Problem Description
You are given a string s and an integer k. In one operation, you can replace the character at any position with the next or previous letter in the alphabet (wrapping around so that 'a' is after 'z'). Return the length of the longest palindromic subsequence of s that can be obtained after performing at most k operations.
Key Insights
- A palindrome reads the same forwards and backwards.
- A subsequence is derived by deleting some or none of the characters from a string without changing the order of the remaining characters.
- Replacements are allowed to change characters to any of their adjacent letters in the alphabet.
- The problem requires a dynamic programming approach to keep track of possible palindromic subsequences while considering the allowed operations.
Space and Time Complexity
Time Complexity: O(n^2 * k), where n is the length of the string s.
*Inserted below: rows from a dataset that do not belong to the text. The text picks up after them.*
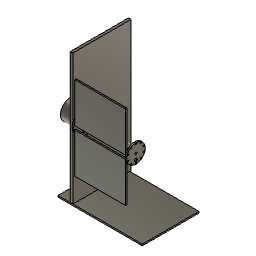
Flap-Display v11 (Autodesk Fusion 360 archive; units mm, degrees)
design "Flap-Display"
part number: Single Box Width
Autodesk Fusion 360 part; units mm, degrees
sketch "Skizze1" plane through (0, 0, 0) normal (0, 0, 1) x (1, 0, 0)
  line L0 (0, 0) -> (120, 0)
  line L1 (120, 0) -> (120, -80)
  line L2 (120, -80) -> (0, -80)
  line L3 (0, -80) -> (0, 0)
  line L4 (118, 0) -> (118, -78)
  line L5 (118, -78) -> (2, -78)
  line L6 (2, -78) -> (2, 0)
  dimension "d1" = 120
  dimension "d2" = 80
  dimension "d6" = 2
  constraint horizontal L0
  constraint vertical L1
  constraint horizontal L2
  constraint vertical L3
  constraint coincident L0.start L3.end
  measures "d1" distance of L0.start L0.end
  measures "d2" distance of L0.start L2.end
extrude "Extrusion3" add sketch "Skizze1" along normal blind 2 contours L0 L4 L5 L6 makes body 1
extrude "Extrusion4" add sketch "Skizze1" along normal blind 184 separate body contours L0 L1 L2 L3 L4 L5 L6 makes body 2
sketch "Skizze2" plane through (0, -80, 0) normal (0, -1, 0) x (1, 0, 0)
  line L0 (0, 0) -> (120, 0)
  line L1 (120, 0) -> (120, 184)
  line L2 (120, 184) -> (0, 184)
  line L3 (0, 184) -> (0, 0)
  line L4 (23, 184) -> (23, 0)
  line L5 (97, 0) -> (97, 184)
  line L6 (120, 149.5) -> (0, 149.5)
  line L7 (0, 34.5) -> (120, 34.5)
extrude "Extrusion5" cut sketch "Skizze2" against normal blind 2 contours L4 L5 L6 L7 bodies 2
sketch "Skizze9" plane through (0, -78, 0) normal (0, 1, 0) x (-1, 0, 0)
  line L0 (-97, 34.5) -> (-97, 149.5)
  line L1 (-23, 149.5) -> (-23, 34.5)
  line L2 (-118, 0) -> (-2, 0)
  line L3 (-2, 0) -> (-2, 184)
  line L4 (-2, 184) -> (-118, 184)
  line L5 (-118, 184) -> (-118, 0)
  line L6 (-23, 149.5) -> (-25, 149.5)
  line L7 (-25, 149.5) -> (-25, 151.5)
  line L8 (-25, 151.5) -> (-23, 151.5)
  line L9 (-23, 151.5) -> (-23, 149.5)
  line L10 (-25, 151.5) -> (-95, 151.5)
  line L11 (-95, 151.5) -> (-95, 96.5)
  line L12 (-95, 96.5) -> (-25, 96.5)
  line L13 (-25, 96.5) -> (-25, 151.5)
  line L14 (-25, 96.5) -> (-23, 96.5)
  line L15 (-23, 96.5) -> (-23, 91.5)
  line L16 (-23, 91.5) -> (-25, 91.5)
  line L17 (-25, 91.5) -> (-25, 96.5)
  line L18 (-25, 91.5) -> (-95, 91.5)
  line L19 (-95, 91.5) -> (-95, 36.5)
  line L20 (-95, 36.5) -> (-25, 36.5)
  line L21 (-25, 36.5) -> (-25, 91.5)
  line L22 (-23, 34.5) -> (-97, 34.5)
  line L23 (-97, 149.5) -> (-23, 149.5)
  dimension "d116" = 2
  dimension "d117" = 2
  dimension "d118" = 70
  dimension "d119" = 55
  dimension "d120" = 2
  dimension "d121" = 5
  dimension "d122" = 70
  dimension "d123" = 55
  constraint horizontal L6
  constraint vertical L7
  constraint horizontal L8
  constraint vertical L9
  constraint coincident L1.start L6.start
  constraint horizontal L10
  constraint vertical L11
  constraint horizontal L12
  constraint vertical L13
  constraint horizontal L14
  constraint vertical L15
  constraint horizontal L16
  constraint vertical L17
  constraint horizontal L18
  constraint vertical L19
  constraint horizontal L20
  constraint vertical L21
  measures "d116" distance of L1.start L6.end
  measures "d117" distance of L1.start L8.end
  measures "d118" distance of L7.end L10.end
  measures "d119" distance of L7.end L12.end
  measures "d120" distance of L12.end L14.end
  measures "d121" distance of L12.end L16.end
  measures "d122" distance of L16.end L18.end
  measures "d123" distance of L16.end L20.end
extrude "Extrusion20" add sketch "Skizze9" along normal blind 2 separate body contours L11 L12 L13 L23 | L7 L10 L11 L13 L23 makes body 3
extrude "Extrusion21" add sketch "Skizze9" along normal blind 2 separate body contours L18 L19 L20 L21 makes body 4
sketch "Skizze10" plane through (95, 0, 0) normal (1, 0, 0) x (0, 1, 0)
  line L0 (-78, 151.5) -> (-78, 96.5)
  line L1 (-78, 96.5) -> (-76, 96.5)
  line L2 (-76, 96.5) -> (-76, 151.5)
  line L3 (-76, 151.5) -> (-78, 151.5)
  line L4 (-78, 96.5) -> (-77, 96.5)
  line L5 (-77, 96.5) -> (-77, 97.5)
  line L6 (-77, 97.5) -> (-78, 97.5)
  line L7 (-78, 97.5) -> (-78, 96.5)
  circle A0 centre (-77, 97.5) radius 1
  line L8 (-78, 91.5) -> (-77, 91.5)
  line L9 (-77, 91.5) -> (-77, 90.5)
  line L10 (-77, 90.5) -> (-78, 90.5)
  line L11 (-78, 90.5) -> (-78, 91.5)
  circle A1 centre (-77, 90.5) radius 1
  point P0 (-78, 91.5)
  dimension "d128" = 1
  dimension "d129" = 1
  dimension "d130" = 2
  dimension "d131" = 1
  dimension "d132" = 1
  dimension "d133" = 2
  constraint horizontal L4
  constraint vertical L5
  constraint horizontal L6
  constraint vertical L7
  constraint coincident L0.end L1.start
  constraint coincident L5.end L6.start
  constraint horizontal L8
  constraint vertical L9
  constraint horizontal L10
  constraint vertical L11
  constraint coincident L9.end L10.start
  constraint coincident P0 L8.start
  measures "d128" distance of L0.end L4.end
  measures "d129" distance of L0.end L6.end
  measures "d130" diameter of A0
  measures "d131" distance of P0 L8.end
  measures "d132" distance of P0 L10.end
  measures "d133" diameter of A1
extrude "Extrusion22" add sketch "Skizze10" along normal blind 2.5 contours L5 L6 A0 | L5 L6 A0 | L9 L10 A1 | L9 L10 A1 bodies 3 4
sketch "Skizze11" plane through (25, 0, 0) normal (-1, 0, 0) x (0, -1, 0)
  line L0 (78, 96.5) -> (78, 151.5)
  line L1 (78, 151.5) -> (76, 151.5)
  line L2 (76, 151.5) -> (76, 96.5)
  line L3 (76, 96.5) -> (78, 96.5)
  line L4 (76, 96.5) -> (77, 96.5)
  line L5 (77, 96.5) -> (77, 97.5)
  line L6 (77, 97.5) -> (76, 97.5)
  line L7 (76, 97.5) -> (76, 96.5)
  line L8 (76, 91.5) -> (77, 91.5)
  line L9 (77, 91.5) -> (77, 90.5)
  line L10 (77, 90.5) -> (76, 90.5)
  line L11 (76, 90.5) -> (76, 91.5)
  circle A0 centre (77, 97.5) radius 1
  circle A1 centre (77, 90.5) radius 1
  point P0 (76, 91.5)
  dimension "d137" = 1
  dimension "d138" = 1
  dimension "d139" = 1
  dimension "d140" = 1
  dimension "d141" = 2
  dimension "d142" = 2
  constraint horizontal L4
  constraint vertical L5
  constraint horizontal L6
  constraint vertical L7
  constraint coincident L2.end L3.start
  constraint horizontal L8
  constraint vertical L9
  constraint horizontal L10
  constraint vertical L11
  constraint coincident L5.end L6.start
  constraint coincident L9.end L10.start
  constraint coincident P0 L8.start
  measures "d137" distance of L2.end L4.end
  measures "d138" distance of L2.end L6.end
  measures "d139" distance of P0 L8.end
  measures "d140" distance of P0 L10.end
  measures "d141" diameter of A0
  measures "d142" diameter of A1
extrude "Extrusion23" add sketch "Skizze11" along normal blind 2.5 contours L5 L6 A0 | L5 L6 A0 | L9 L10 A1 | L9 L10 A1 bodies 3 4
sketch "Skizze12" plane through (95, 0, 0) normal (1, 0, 0) x (0, 1, 0)
  arc A0 (-76, 97.5) -> (-78, 97.5) centre (-77, 97.5) ccw
  line L0 (-76, 97.5) -> (-76, 151.5)
  line L1 (-76, 151.5) -> (-78, 151.5)
  line L2 (-78, 151.5) -> (-78, 97.5)
  line L3 (-78, 95.1429) -> (-77, 95.1429)
  line L4 (-77, 95.1429) -> (-77, 92.6429)
  line L5 (-77, 92.6429) -> (-78, 92.6429)
  line L6 (-78, 92.6429) -> (-78, 95.1429)
  line L7 (-78, 91.5) -> (-77, 91.5)
  line L8 (-77, 91.5) -> (-77, 90.5)
  line L9 (-77, 90.5) -> (-78, 90.5)
  line L10 (-78, 90.5) -> (-78, 91.5)
  circle A1 centre (-77, 90.5) radius 1.05
  line L11 (-78, 91.5) -> (-66.2281, 91.5)
  line L12 (-66.2281, 91.5) -> (-66.2281, 94)
  line L13 (-66.2281, 94) -> (-78, 94)
  line L14 (-78, 94) -> (-78, 91.5)
  circle A2 centre (-72.8855, 84.8369) radius 1.05
  circle A3 centre (-66.2281, 82.6738) radius 1.05
  circle A4 centre (-59.5707, 84.8369) radius 1.05
  circle A5 centre (-55.4562, 90.5) radius 1.05
  circle A6 centre (-55.4562, 97.5) radius 1.05
  circle A7 centre (-59.5707, 103.1631) radius 1.05
  circle A8 centre (-66.2281, 105.3262) radius 1.05
  circle A9 centre (-72.8855, 103.1631) radius 1.05
  circle A10 centre (-77, 97.5) radius 1.05
  circle A11 centre (-66.2281, 94) radius 5.3859
  circle A12 centre (-66.2281, 94) radius 12.7719
  circle A13 centre (-66.2281, 86.1689) radius 2
  point P0 (-77, 92.6429)
  point P1 (-78, 91.5)
  point P2 (-66.2281, 86.1689)
  dimension "d145" = 1
  dimension "d146" = 2.5
  dimension "d149" = 1
  dimension "d150" = 1
  dimension "d151" = 2.1
  dimension "d155" = 11.7719
  dimension "d156" = 2.5
  dimension "d158" = 360
  dimension "d160" = 10.7719
  dimension "d163" = 25.5438
  dimension "d220" = 4
  constraint horizontal L3
  constraint vertical L4
  constraint horizontal L5
  constraint vertical L6
  constraint coincident P0 L4.end
  constraint horizontal L7
  constraint vertical L8
  constraint horizontal L9
  constraint vertical L10
  constraint coincident L8.end L9.start
  constraint coincident P1 L7.start
  constraint horizontal L11
  constraint vertical L12
  constraint horizontal L13
  constraint vertical L14
  constraint coincident L12.end L13.start
  constraint concentric A11 A12
  constraint coincident P2 A13.centre
  measures "d145" distance of L3.start L3.end
  measures "d146" distance of L3.start L5.end
  measures "d149" distance of P1 L7.end
  measures "d150" distance of P1 L9.end
  measures "d151" diameter of A1
  measures "d155" distance of P1 L11.end
  measures "d156" distance of P1 L13.end
  measures "d160" diameter of A11
  measures "d163" diameter of A12
  measures "d220" diameter of A13
extrude "Extrusion24" add sketch "Skizze12" along normal blind 2 separate body contours L0 L2 A10 A12 | L0 L2 A10 A12 | L3 L4 L6 L13 | L4 L5 L6 L13 L14 | L4 L5 L7 A1 L11 L13 L14 A11 | L11 L12 L13 A11 | L11 L12 L13 A11 | L7 L10 A1 L11 | A13 makes body 5
copy_body "Körper kopieren/einfügen1" bodies 5 makes body 6
move_body "Verschieben1" bodies 6 to x (1, 0, 0) y (0, 1, 0) z (0, 0, 1) at (-72, 0, 0)
move_body "Verschieben2" bodies 6 to x (1, 0, 0) y (0, 1, 0) z (0, 0, 1) at (-0.5, 0, 0)
move_body "Verschieben3" bodies 5 to x (1, 0, 0) y (0, 1, 0) z (0, 0, 1) at (0.5, 0, 0)
sketch "Skizze13" plane through (22.5, 0, 0) normal (-1, 0, 0) x (0, -1, 0)
  circle A0 centre (72.8855, 84.8369) radius 1.05
  circle A1 centre (66.2281, 105.3262) radius 1.05
  circle A2 centre (66.2281, 82.6738) radius 1.05
  circle A3 centre (55.4562, 90.5) radius 1.05
  circle A4 centre (77, 90.5) radius 1.05
  circle A5 centre (59.5707, 84.8369) radius 1.05
  circle A6 centre (59.5707, 103.1631) radius 1.05
  circle A7 centre (77, 97.5) radius 1.05
  circle A8 centre (55.4562, 97.5) radius 1.05
  circle A9 centre (72.8855, 103.1631) radius 1.05
  circle A10 centre (66.2281, 94) radius 12.7719
  line L0 (78, 2) -> (-2, 2)
  line L1 (-2, 2) -> (-2, 182)
  line L2 (-2, 182) -> (78, 182)
  line L3 (78, 182) -> (78, 2)
  circle A11 centre (66.2281, 94) radius 2.5
  circle A12 centre (66.2281, 94) radius 4.6
  line L4 (70.8281, 94) -> (72.2581, 94)
  line L5 (72.2581, 94) -> (58.2581, 94)
  circle A13 centre (58.2581, 94) radius 14
  circle A14 centre (58.2581, 94) radius 20.95
  line L6 (58.2581, 108) -> (58.2581, 114.95)
  circle A15 centre (58.2581, 111.475) radius 1.9
  circle A16 centre (58.2581, 111.475) radius 3.475
  line L7 (54.7831, 116) -> (54.7831, 70)
  line L8 (61.7331, 116) -> (61.7331, 70)
  line L9 (58.2581, 80) -> (58.2581, 73.05)
  circle A17 centre (58.2581, 76.525) radius 1.9
  circle A18 centre (58.2581, 76.525) radius 3.475
  line L10 (66.2281, 94) -> (67.6781, 94)
  line L11 (66.2281, 94) -> (64.7781, 94)
  line L12 (67.6781, 94) -> (67.6781, 91.7)
  line L13 (67.6781, 94) -> (67.6781, 96.3397)
  line L14 (64.7781, 94) -> (64.7781, 96.2178)
  line L15 (64.7781, 94) -> (64.7781, 91.7259)
  point P0 (66.2281, 94)
  point P1 (58.2581, 111.475)
  point P2 (58.2581, 76.525)
  dimension "d168" = 80
  dimension "d169" = 180
  dimension "d178" = 5
  dimension "d179" = 9.2
  dimension "d182" = 1.43
  dimension "d183" = 14
  dimension "d184" = 28
  dimension "d185" = 41.9
  dimension "d187" = 3.8
  dimension "d188" = 3.8
  dimension "d190" = 1.45
  dimension "d191" = 1.45
  constraint coincident P0 A10.centre
  constraint horizontal L0
  constraint vertical L1
  constraint horizontal L2
  constraint vertical L3
  constraint coincident A12 L4.start
  constraint parallel L4 L5
  constraint coincident L5.end A13.centre
  constraint concentric A13 A14
  constraint coincident A14 L6.end
  constraint coincident A13 L6.start
  constraint midpoint L6 P1
  constraint coincident P1 A15.centre
  constraint coincident L6.end A16
  constraint vertical L7
  constraint vertical L8
  constraint tangent A16 L7
  constraint tangent A16 L8
  constraint coincident A14 L9.end
  constraint coincident A13 L9.start
  constraint midpoint P2 L9
  constraint coincident P2 A17.centre
  constraint coincident L9.end A18
  constraint tangent A14 A18
  constraint perpendicular L8 L10
  constraint parallel L5 L11
  constraint perpendicular L10 L12
  constraint perpendicular L10 L13
  constraint perpendicular L11 L14
  constraint perpendicular L11 L15
  measures "d168" distance of L0.start L0.end
  measures "d169" distance of L0.start L2.end
  measures "d178" diameter of A11
  measures "d179" diameter of A12
  measures "d182" distance of L4.start L4.end
  measures "d183" distance of L4.end L5.end
  measures "d184" diameter of A13
  measures "d185" diameter of A14
  measures "d187" diameter of A15
  measures "d188" diameter of A17
  measures "d190" distance of P0 L10.end
  measures "d191" distance of P0 L11.end
extrude "Extrusion25" add sketch "Skizze13" along normal blind 19.4 separate body contours A1 A13 | A1 A10 A12 L4 L5 A13 L8 | A10 A13 L8 | A2 A10 A12 L4 L5 A13 L8 | A3 A8 A10 A12 L7 L8 | A10 A13 L7 L8 | A11 A12 L5 L8 | A11 A12 L5 L8 | A2 A13 | A3 A8 A10 L7 | A10 A13 L7 | A12 L5 L8 | A12 L5 L8 | A11 L5 L13 | A11 L5 L12 | A10 A13 L7 L8 | A8 L7 | A8 L7 | A10 A13 L8 | A11 L5 L10 L11 L13 L14 | A11 L5 L10 L11 L12 L15 | A3 L7 | A3 L7 | A11 L5 L15 | A11 L5 L14 | A5 | A6 picked at (66.1042, 105.1059) picked at (66.1042, 82.8941) makes body 7
extrude "Extrusion26" add sketch "Skizze13" along normal blind 0.85 contours A13 A16 L8 | L6 A15 A16 | L6 A15 A16 | A13 A16 L7 | A13 L7 A18 | A13 L8 A18 | L9 A17 A18 | L9 A17 A18 bodies 7
extrude "Extrusion27" add sketch "Skizze13" against normal blind 1.5 contours A11 A12 L5 L8 | A11 A12 L5 L8 | A11 L5 L13 | A11 L5 L12 | A11 L5 L10 L11 L13 L14 | A11 L5 L10 L11 L12 L15 | A11 L5 L15 | A11 L5 L14 bodies 7
extrude "Extrusion28" add sketch "Skizze13" against normal blind 2 from surface at -1.5 separate body contours A11 L5 L13 | A11 L5 L12 | A11 L5 L10 L11 L13 L14 | A11 L5 L10 L11 L12 L15 | A11 L5 L15 | A11 L5 L14 makes body 8
extrude "Extrusion29" add sketch "Skizze13" against normal blind 6 from surface at -3.5 separate body contours A11 L5 L10 L11 L13 L14 | A11 L5 L10 L11 L12 L15 makes body 9
combine "Kombinieren1" operation add target body 8 tool bodies 9
combine "Kombinieren2" operation add target body 7 tool bodies 8
extrude "Extrusion30" cut sketch "Skizze13" against normal blind 2 contours A11 L5 L10 L11 L13 L14 | A11 L5 L10 L11 L12 L15 bodies 6
move_body "Verschieben4" bodies 7 to x (1, 0, 0) y (0, 1, 0) z (0, 0, 1) at (-3.5, 0, 0)
extrude "Extrusion33" add sketch "Skizze13" along normal blind 3.5 separate body contours A0 | A1 A13 | A1 A2 A4 A7 A10 L3 A13 | A1 A13 | A1 A10 A12 L4 L5 A13 L8 | A10 L3 A13 A14 L8 | A10 A13 L8 | A2 A10 A12 L4 L5 A13 L8 | A3 A8 A10 A12 L7 L8 | A10 A13 L7 L8 | A13 A16 L8 | A11 A12 L5 L8 | A11 A12 L5 L8 | A2 A13 | A2 A13 | L0 L1 L2 L3 A14 | A7 L3 | A3 A8 A10 L7 | A10 A13 L7 | A12 L5 L8 | L6 A15 A16 | L6 A15 A16 | A13 A16 L7 | A14 A16 L8 | A12 L5 L8 | A11 L5 L13 | A11 L5 L12 | A10 L3 A13 A14 L8 | A10 A13 L7 L8 | A13 A14 L7 | A8 L7 | A8 L7 | L6 A15 | L6 A15 | A14 A16 L7 | A10 A13 L8 | A11 L5 L10 L11 L13 L14 | A11 L5 L10 L11 L12 L15 | A4 L3 | A3 L7 | A3 L7 | A13 L7 A18 | A11 L5 L15 | A11 L5 L14 | A13 L8 A18 | A14 L8 A18 | L9 A17 A18 | L9 A17 A18 | A14 L7 A18 | L9 A17 | L9 A17 | A5 | A6 | A9 picked at (77.3321, 97.3972) picked at (77.2971, 90.4517) makes body 10
extrude "Extrusion34" cut sketch "Skizze13" along normal blind 3.5 contours A11 A12 L5 L8 | A11 A12 L5 L8 | A12 L5 L8 | A12 L5 L8 | A11 L5 L13 | A11 L5 L12 | A11 L5 L10 L11 L13 L14 | A11 L5 L10 L11 L12 L15 | A11 L5 L15 | A11 L5 L14 bodies 10
extrude "Extrusion35" cut sketch "Skizze13" along normal blind 3.5 contours L6 A15 | L6 A15 | L9 A17 | L9 A17 bodies 10
thread "Gewinde1" "ISO Metric profile 3.5 M3.5x0.6 6H" major diameter 3.5995 minor diameter 2.93 pitch 0.6 angle 60 resizes the face on face at (20.1667, -60.1487, 111.6642) on bodies 10
thread "Gewinde2" "ISO Metric profile 3.5 M3.5x0.6 6H" major diameter 3.5995 minor diameter 2.93 pitch 0.6 angle 60 resizes the face on face at (20.1667, -59.5848, 77.8851) on bodies 10
extrude "Extrusion36" add sketch "Skizze12" against normal blind 1 separate body contours A13 makes body 11
move_body "Verschieben5" bodies 11 to x (1, 0, 0) y (0, 1, 0) z (0, 0, 1) at (2.5, 0, 0)
extrude "Extrusion37" cut 1 faces at (97.5, -66.7168, 85.5167) along direction (-1, 0, 0) blind 1 on bodies 11 bodies 5 11
extrude "Extrusion38" cut sketch "Skizze12" against normal blind 72 contours L11 L12 L13 A11 | L11 L12 L13 A11 bodies 6
extrude "Extrusion39" add sketch "Skizze12" against normal blind 71 separate body contours L11 L12 L13 A11 | L11 L12 L13 A11 makes body 12
extrude "Extrusion40" add sketch "Skizze12" along normal blind 0.5 separate body contours L11 L12 L13 A11 | L11 L12 L13 A11 makes body 13
combine "Kombinieren3" operation add target body 12 tool bodies 13
extrude "Extrusion41" add 1 faces at (23, -68.9901, 94) along direction (1, 0, 0) blind 1.5 on bodies 6 bodies 6 11
extrude "Extrusion42" cut sketch "Skizze13" against normal blind 7 contours A11 L5 L10 L11 L13 L14 | A11 L5 L10 L11 L12 L15 bodies 12
sketch "Skizze15" plane through (97.5, 0, 0) normal (1, 0, 0) x (0, 1, 0)
  circle A0 centre (-66.2281, 86.1689) radius 2
  circle A1 centre (-59.5707, 103.1631) radius 1.05
  circle A2 centre (-77, 97.5) radius 1.05
  circle A3 centre (-66.2281, 105.3262) radius 1.05
  circle A4 centre (-55.4562, 90.5) radius 1.05
  circle A5 centre (-55.4562, 97.5) radius 1.05
  circle A6 centre (-59.5707, 84.8369) radius 1.05
  circle A7 centre (-66.2281, 82.6738) radius 1.05
  circle A8 centre (-72.8855, 84.8369) radius 1.05
  circle A9 centre (-72.8855, 103.1631) radius 1.05
  circle A10 centre (-77, 90.5) radius 1.05
  circle A11 centre (-66.2281, 94) radius 12.7719
  circle A12 centre (-66.2281, 94) radius 1.5
  circle A13 centre (-66.2281, 94) radius 4
  point P0 (-66.2281, 94)
  dimension "d236" = 3
  dimension "d237" = 8
  constraint coincident P0 A11.centre
  constraint concentric A12 A13
  measures "d236" diameter of A12
  measures "d237" diameter of A13
extrude "Extrusion43" cut sketch "Skizze15" against normal blind 2 contours A12 bodies 5
extrude "Extrusion10" [suppressed]
delete_face "Fläche löschen1" [suppressed]
extrude "Extrusion17" [suppressed]
extrude "Extrusion18" [suppressed]
extrude "Extrusion19" [suppressed]
hidden bodies 2
equation "d1 = SingleFlapBox_Breite"
equation "d2 = SingleFlapBox_Tiefe"
equation "SingleFlapBox_Breite = 120 mm"
equation "SingleFlapBox_Tiefe = 80 mm"
equation "SingleFlapBox_InnereHöhe = 180 mm"
equation "d6 = SingleFlapBox_Wandstärke"
equation "SingleFlapBox_Wandstärke = 2 mm"
equation "SingleFlapBox_ÄußereHöhe = SingleFlapBox_InnereHöhe + 2 * SingleFlapBox_Wandstärke"
equation "d13 = SingleFlapBox_Wandstärke"
equation "d15 = SingleFlapBox_ÄußereHöhe"
equation "SingleFlapBox_Rahmen_Horizontal = ( SingleFlapBox_Breite - Flap_Breite - Flap_Zwischenraum_Links - Flap_Zwischenraum_Rechts ) / 2"
equation "SingleFlapBox_Rahmen_Vertikal = ( SingleFlapBox_ÄußereHöhe - 2 * Flap_Höhe + Flap_Zwischenraum_Oben - Flap_Zwischenraum_Unten - Flap_ZwischenraumZwischenFlaps ) / 2"
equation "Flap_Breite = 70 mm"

Space Complexity: O(n * k), for storing results in a 2D DP table.
Solution
We can use dynamic programming to solve the problem. We maintain a 2D DP table, where dp[i][j][k] represents the longest palindromic subsequence we can achieve from the substring s[i:j] with at most k operations.
- Initialize the DP table. If the characters at the current indices are the same, we can include them in our palindromic subsequence.
- If they are different, we consider the possibility of changing one of the characters to match the other, which counts as an operation.
- Transition through the DP table by expanding the window of the substring and updating the values based on the characters and the number of remaining operations.